Hacker News new | ask | show | jobs
by cratermoon 1763 days ago
> We've spent a lot of time building Grafana dashboards and they've been extremely helpful with debugging. It doesn't solve all problems but it certainly helps narrow down where to look.

And then once the bugs that led to the creation of that dashboard are fixed or retired, what's left for that data? It just sits there with its pretty graphs and eye-catching visualizations to snare the unwary who are looking for help debugging a different problem. In fact, they'd be best served by ignoring existing dashboards and creating new ones specific to the issue in the present, not some dead husk of a problem that looks like it might be related.

2 comments

How do things like message queue sizes, transactions per second, errors per minute, memory usage etc become less useful after solving one bug?
What if the next bug has nothing to do with the message queue? What if your last fix to improve the TPS ends up being sufficient headroom that the next problem never triggers a high rate? What if your errors per minute is only aggregating errors for the services you last had high error rates on?

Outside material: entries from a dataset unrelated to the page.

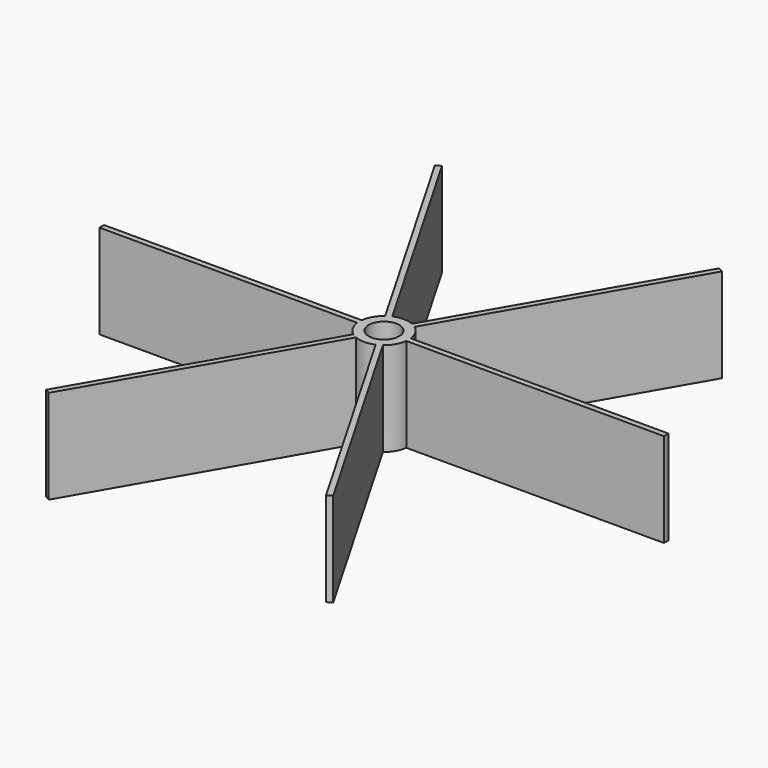
from build123d import *

# Parameters (mm, degrees)
F1_DEPTH = 20
F2_R     = 3.25
F3_DEPTH = 20.001


with BuildPart() as f1:
    # F0 (on Top) → F1 (new body)
    with BuildSketch(Plane.XY):
        with BuildLine():
            Line((-5.2141973622, 0.6), (-60, 0.6))
            Line((-60, 0.6), (-60, -0.6))
            Line((-60, -0.6), (-5.2141973622, -0.6))
            ThreePointArc((-5.2141973622, -0.6), (-5.2486049701, 0), (-5.2141973622, 0.6))
        make_face()
        with BuildLine():
            ThreePointArc((-3.1267139234, 4.215627376), (-4.5454252385, 2.624302485), (-5.2141973622, 0.6))
            Line((-5.2141973622, 0.6), (-1.0392304845, 0.6))
            Line((-1.0392304845, 0.6), (-3.1267139234, 4.215627376))
        make_face()
        with BuildLine():
            Line((-1.0392304845, 0.6), (-5.2141973622, 0.6))
            ThreePointArc((-5.2141973622, 0.6), (-5.2486049701, 0), (-5.2141973622, -0.6))
            Line((-5.2141973622, -0.6), (-1.0392304845, -0.6))
            Line((-1.0392304845, -0.6), (-0.692820323, 0))
            Line((-0.692820323, 0), (-1.0392304845, 0.6))
        make_face()
        with BuildLine():
            Line((-3.1267139234, 4.215627376), (-1.0392304845, 0.6))
            Line((-1.0392304845, 0.6), (-0.3464101615, 0.6))
            Line((-0.3464101615, 0.6), (0, 1.2))
            Line((0, 1.2), (-2.0874834388, 4.815627376))
            ThreePointArc((-2.0874834388, 4.815627376), (-2.624302485, 4.5454252385), (-3.1267139234, 4.215627376))
        make_face()
        with BuildLine():
            Line((-30.5196152423, 51.6615242271), (-3.1267139234, 4.215627376))
            ThreePointArc((-3.1267139234, 4.215627376), (-2.624302485, 4.5454252385), (-2.0874834388, 4.815627376))
            Line((-2.0874834388, 4.815627376), (-29.4803847577, 52.2615242271))
            Line((-29.4803847577, 52.2615242271), (-30.5196152423, 51.6615242271))
        make_face()
        with BuildLine():
            Line((-1.0392304845, -0.6), (-5.2141973622, -0.6))
            ThreePointArc((-5.2141973622, -0.6), (-4.5454252385, -2.624302485), (-3.1267139234, -4.215627376))
            Line((-3.1267139234, -4.215627376), (-1.0392304845, -0.6))
        make_face()
        with BuildLine():
            ThreePointArc((2.0874834388, 4.815627376), (0, 5.2486049701), (-2.0874834388, 4.815627376))
            Line((-2.0874834388, 4.815627376), (0, 1.2))
            Line((0, 1.2), (2.0874834388, 4.815627376))
        make_face()
        with BuildLine():
            Line((-0.3464101615, -0.6), (-1.0392304845, -0.6))
            Line((-1.0392304845, -0.6), (-3.1267139234, -4.215627376))
            ThreePointArc((-3.1267139234, -4.215627376), (-2.624302485, -4.5454252385), (-2.0874834388, -4.815627376))
            Line((-2.0874834388, -4.815627376), (0, -1.2))
            Line((0, -1.2), (-0.3464101615, -0.6))
        make_face()
        with BuildLine():
            ThreePointArc((-2.0874834388, -4.815627376), (-2.624302485, -4.5454252385), (-3.1267139234, -4.215627376))
            Line((-3.1267139234, -4.215627376), (-30.5196152423, -51.6615242271))
            Line((-30.5196152423, -51.6615242271), (-29.4803847577, -52.2615242271))
            Line((-29.4803847577, -52.2615242271), (-2.0874834388, -4.815627376))
        make_face()
        with BuildLine():
            Line((2.0874834388, 4.815627376), (0, 1.2))
            Line((0, 1.2), (0.3464101615, 0.6))
            Line((0.3464101615, 0.6), (1.0392304845, 0.6))
            Line((1.0392304845, 0.6), (3.1267139234, 4.215627376))
            ThreePointArc((3.1267139234, 4.215627376), (2.624302485, 4.5454252385), (2.0874834388, 4.815627376))
        make_face()
        with BuildLine():
            Line((29.4803847577, 52.2615242271), (2.0874834388, 4.815627376))
            ThreePointArc((2.0874834388, 4.815627376), (2.624302485, 4.5454252385), (3.1267139234, 4.215627376))
            Line((3.1267139234, 4.215627376), (30.5196152423, 51.6615242271))
            Line((30.5196152423, 51.6615242271), (29.4803847577, 52.2615242271))
        make_face()
        with BuildLine():
            Line((0, -1.2), (-2.0874834388, -4.815627376))
            ThreePointArc((-2.0874834388, -4.815627376), (0, -5.2486049701), (2.0874834388, -4.815627376))
            Line((2.0874834388, -4.815627376), (0, -1.2))
        make_face()
        with BuildLine():
            ThreePointArc((5.2141973622, 0.6), (4.5454252385, 2.624302485), (3.1267139234, 4.215627376))
            Line((3.1267139234, 4.215627376), (1.0392304845, 0.6))
            Line((1.0392304845, 0.6), (5.2141973622, 0.6))
        make_face()
        with BuildLine():
            Line((0.3464101615, -0.6), (0, -1.2))
            Line((0, -1.2), (2.0874834388, -4.815627376))
            ThreePointArc((2.0874834388, -4.815627376), (2.624302485, -4.5454252385), (3.1267139234, -4.215627376))
            Line((3.1267139234, -4.215627376), (1.0392304845, -0.6))
            Line((1.0392304845, -0.6), (0.3464101615, -0.6))
        make_face()
        with BuildLine():
            ThreePointArc((3.1267139234, -4.215627376), (2.624302485, -4.5454252385), (2.0874834388, -4.815627376))
            Line((2.0874834388, -4.815627376), (29.4803847577, -52.2615242271))
            Line((29.4803847577, -52.2615242271), (30.5196152423, -51.6615242271))
            Line((30.5196152423, -51.6615242271), (3.1267139234, -4.215627376))
        make_face()
        with BuildLine():
            Line((5.2141973622, 0.6), (1.0392304845, 0.6))
            Line((1.0392304845, 0.6), (0.692820323, 0))
            Line((0.692820323, 0), (1.0392304845, -0.6))
            Line((1.0392304845, -0.6), (5.2141973622, -0.6))
            ThreePointArc((5.2141973622, -0.6), (5.2399960077, -0.3004928799), (5.2486049701, 0))
            ThreePointArc((5.2486049701, 0), (5.2399960077, 0.3004928799), (5.2141973622, 0.6))
        make_face()
        with BuildLine():
            Line((60, 0.6), (5.2141973622, 0.6))
            ThreePointArc((5.2141973622, 0.6), (5.2399960077, 0.3004928799), (5.2486049701, 0))
            ThreePointArc((5.2486049701, 0), (5.2399960077, -0.3004928799), (5.2141973622, -0.6))
            Line((5.2141973622, -0.6), (60, -0.6))
            Line((60, -0.6), (60, 0.6))
        make_face()
        with BuildLine():
            Line((1.0392304845, -0.6), (3.1267139234, -4.215627376))
            ThreePointArc((3.1267139234, -4.215627376), (4.5454252385, -2.624302485), (5.2141973622, -0.6))
            Line((5.2141973622, -0.6), (1.0392304845, -0.6))
        make_face()
    extrude(amount=F1_DEPTH)

    # F2 (on face) → F3 (cut, through all)
    with BuildSketch(Plane.XY.offset(20)):
        Circle(F2_R)
        Polygon((1.0392304845, 0.6), (0.692820323, 0), (1.0392304845, -0.6), (0.3464101615, -0.6), (0, -1.2), (-0.3464101615, -0.6), (-1.0392304845, -0.6), (-0.692820323, 0), (-1.0392304845, 0.6), (-0.3464101615, 0.6), (0, 1.2), (0.3464101615, 0.6), align=None, mode=Mode.SUBTRACT)
    extrude(amount=-F3_DEPTH, mode=Mode.SUBTRACT)


solid = f1.part

The point: all those measures and the dashboard created to monitor them were likely put in place because of whatever prior bug or outage was traced to not knowing those metrics. But the next problem might be something else, for which the metrics are not collected, aggregated, or displayed. Now you've got a dashboard with lots of information, but it's not showing any problems, and it's not providing any insights into why your customers are complaining and all the product people are in fire drill mode.

This is like advocating to get rid of log statements because they might not log the cause of the next bug.
No, it's like advocating to get rid of log statements because they are like an overflowing sewer of data obscuring and distracting from the real cause of the bug. But you can't even figure out if there's a message in the log because it takes an hour to sort through the firehose of messages you know aren't relevant, but there they are, filling up your logs.

The above goes double if you're running Java and your logs include stacktraces spanning 300 lines.